Aluminum and its alloys have good thermal conductivities, ranging from 160-210 W/mK. However, aluminum tends to be susceptible to corrosion or pitting from impurities in unpurified water. Even with a glycol solution in distilled water, both EG and PG form acidic compounds under oxidation in aluminum. This can cause corrosion to wetted surfaces and the formation of organic acid byproducts. Prevention methods include the addition of corrosion inhibitors to the fluid, or applying surface treatments to the wetted surfaces, such as anodizing aluminum.
Copper and copper nickel alloys have good resistance against corrosion and a natural resistance to biological growth. As with aluminum, corrosion inhibitors should be employed to avoid acidic corrosion.
SWetted surfaces on the pump, including the seals, must be compatible with both the fluid and the expected operating conditions. Galvanic corrosion in systems using different wetted metals can create additional issues including pump seal failure and leaking of toxic fluids.
Cost Considerations
Tap water is the most readily available and lowest cost option, and purified water will be costlier depending on the purity type and level required.

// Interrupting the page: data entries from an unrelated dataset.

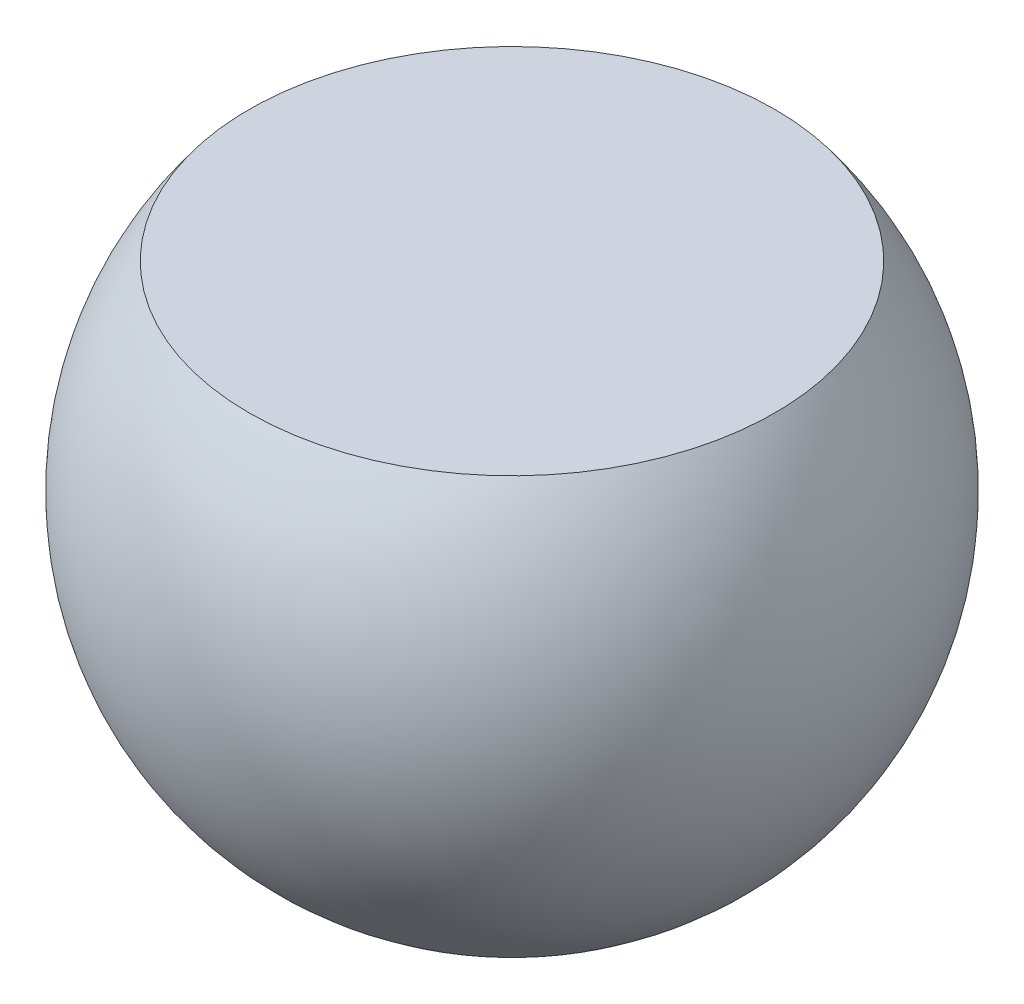
ISO-10303-21;
HEADER;
FILE_DESCRIPTION(('STEP AP214'),'2;1');
FILE_NAME('part.step','',(''),(''),'','','');
FILE_SCHEMA(('AUTOMOTIVE_DESIGN { 1 0 10303 214 1 1 1 1 }'));
ENDSEC;
DATA;
#1=APPLICATION_CONTEXT('core data for automotive mechanical design processes');
#2=APPLICATION_PROTOCOL_DEFINITION('international standard','automotive_design',2000,#1);
#3=PRODUCT_CONTEXT('',#1,'mechanical');
#4=PRODUCT('Part','Part','',(#3));
#5=PRODUCT_RELATED_PRODUCT_CATEGORY('part','',(#4));
#6=PRODUCT_DEFINITION_FORMATION('','',#4);
#7=PRODUCT_DEFINITION_CONTEXT('part definition',#1,'design');
#8=PRODUCT_DEFINITION('design','',#6,#7);
#9=PRODUCT_DEFINITION_SHAPE('','',#8);
#10=(LENGTH_UNIT() NAMED_UNIT(*) SI_UNIT(.MILLI.,.METRE.));
#11=(NAMED_UNIT(*) PLANE_ANGLE_UNIT() SI_UNIT($,.RADIAN.));
#12=(NAMED_UNIT(*) SI_UNIT($,.STERADIAN.) SOLID_ANGLE_UNIT());
#13=UNCERTAINTY_MEASURE_WITH_UNIT(LENGTH_MEASURE(1.E-05),#10,'distance_accuracy_value','');
#14=(GEOMETRIC_REPRESENTATION_CONTEXT(3) GLOBAL_UNCERTAINTY_ASSIGNED_CONTEXT((#13)) GLOBAL_UNIT_ASSIGNED_CONTEXT((#10,
#11,#12)) REPRESENTATION_CONTEXT('',''));
#15=CARTESIAN_POINT('',(0.,0.,0.));
#16=DIRECTION('',(0.,0.,1.));
#17=DIRECTION('',(1.,0.,0.));
#18=AXIS2_PLACEMENT_3D('',#15,#16,#17);
#19=CARTESIAN_POINT('',(0.,0.,0.));
#20=DIRECTION('',(0.,0.,-1.));
#21=DIRECTION('',(1.,0.,0.));
#22=AXIS2_PLACEMENT_3D('',#19,#20,#21);
#23=SPHERICAL_SURFACE('',#22,1.682500064);
#24=CARTESIAN_POINT('',(0.,0.,0.));
#25=DIRECTION('',(0.,-1.,0.));
#26=DIRECTION('',(0.,0.,-1.));
#27=AXIS2_PLACEMENT_3D('',#24,#25,#26);
#28=SPHERICAL_SURFACE('',#27,1.682500064);
#29=CARTESIAN_POINT('',(0.,1.016,0.));
#30=DIRECTION('',(0.,-1.,0.));
#31=DIRECTION('',(0.,0.,-1.));
#32=AXIS2_PLACEMENT_3D('',#29,#30,#31);
#33=CIRCLE('',#32,1.34110046803362);
#34=CARTESIAN_POINT('',(0.,1.016,-1.34110046803362));
#35=VERTEX_POINT('',#34);
#36=EDGE_CURVE('E10',#35,#35,#33,.F.);
#37=ORIENTED_EDGE('',*,*,#36,.F.);
#38=EDGE_LOOP('',(#37));
#39=FACE_BOUND('',#38,.T.);
#40=ADVANCED_FACE('F32',(#39),#28,.T.);
#41=CARTESIAN_POINT('',(0.,1.016,0.));
#42=DIRECTION('',(0.,-1.,0.));
#43=DIRECTION('',(0.,0.,-1.));
#44=AXIS2_PLACEMENT_3D('',#41,#42,#43);
#45=PLANE('',#44);
#46=ORIENTED_EDGE('',*,*,#36,.T.);
#47=EDGE_LOOP('',(#46));
#48=FACE_BOUND('',#47,.T.);
#49=ADVANCED_FACE('F39',(#48),#45,.F.);
#50=CLOSED_SHELL('',(#40,#49));
#51=MANIFOLD_SOLID_BREP('B2',#50);
#52=ADVANCED_BREP_SHAPE_REPRESENTATION('',(#18,#51),#14);
#53=SHAPE_DEFINITION_REPRESENTATION(#9,#52);
ENDSEC;
END-ISO-10303-21;

The costs of maintenance associated with a particular type of coolant can be worth noting. This would include filtration, ionization beds, cathodic protection, and top-off from evaporated or leaked fluid. Disposal is another factor – tap or purified water can typically be disposed of in regular drainage, but water mixed with alcohols, other organics, or any organic fluid at all will normally require other disposal methods. Coolants that require periodic flushing and recharging during their lifetime, as well as solutions that must be handled at the end of a system’s life, may have disposal costs that exceed the initial cost of the coolant.
Over time, in an imperfectly closed system (leaks in the seams or seals), the fluid levels can be expected to decrease. Addition of a water/coolant mix to top off fluid levels should involve specifically controlled concentrations of coolant to match the existing system fluid. However, glycols can break down over time into organic acids – measurement of system fluid pH and detection of solid and biological contamination can indicate that changing the coolant solution is required.
Conclusion
There are many types of cooling fluids available to satisfy application requirements. Selecting the right coolant for an application requires an understanding of the characteristics and thermophysical properties of the fluid, including performance, compatibility, and maintenance factors. Ideally, the coolant fluid would be an inexpensive and nontoxic liquid with exceptional thermophysical properties and a long operating life. Each coolant option exhibits different properties, such as thermal conductivity, specific heat, and thermal stability, along with specific advantages, but their usage will ultimately depend on their reliability and economics.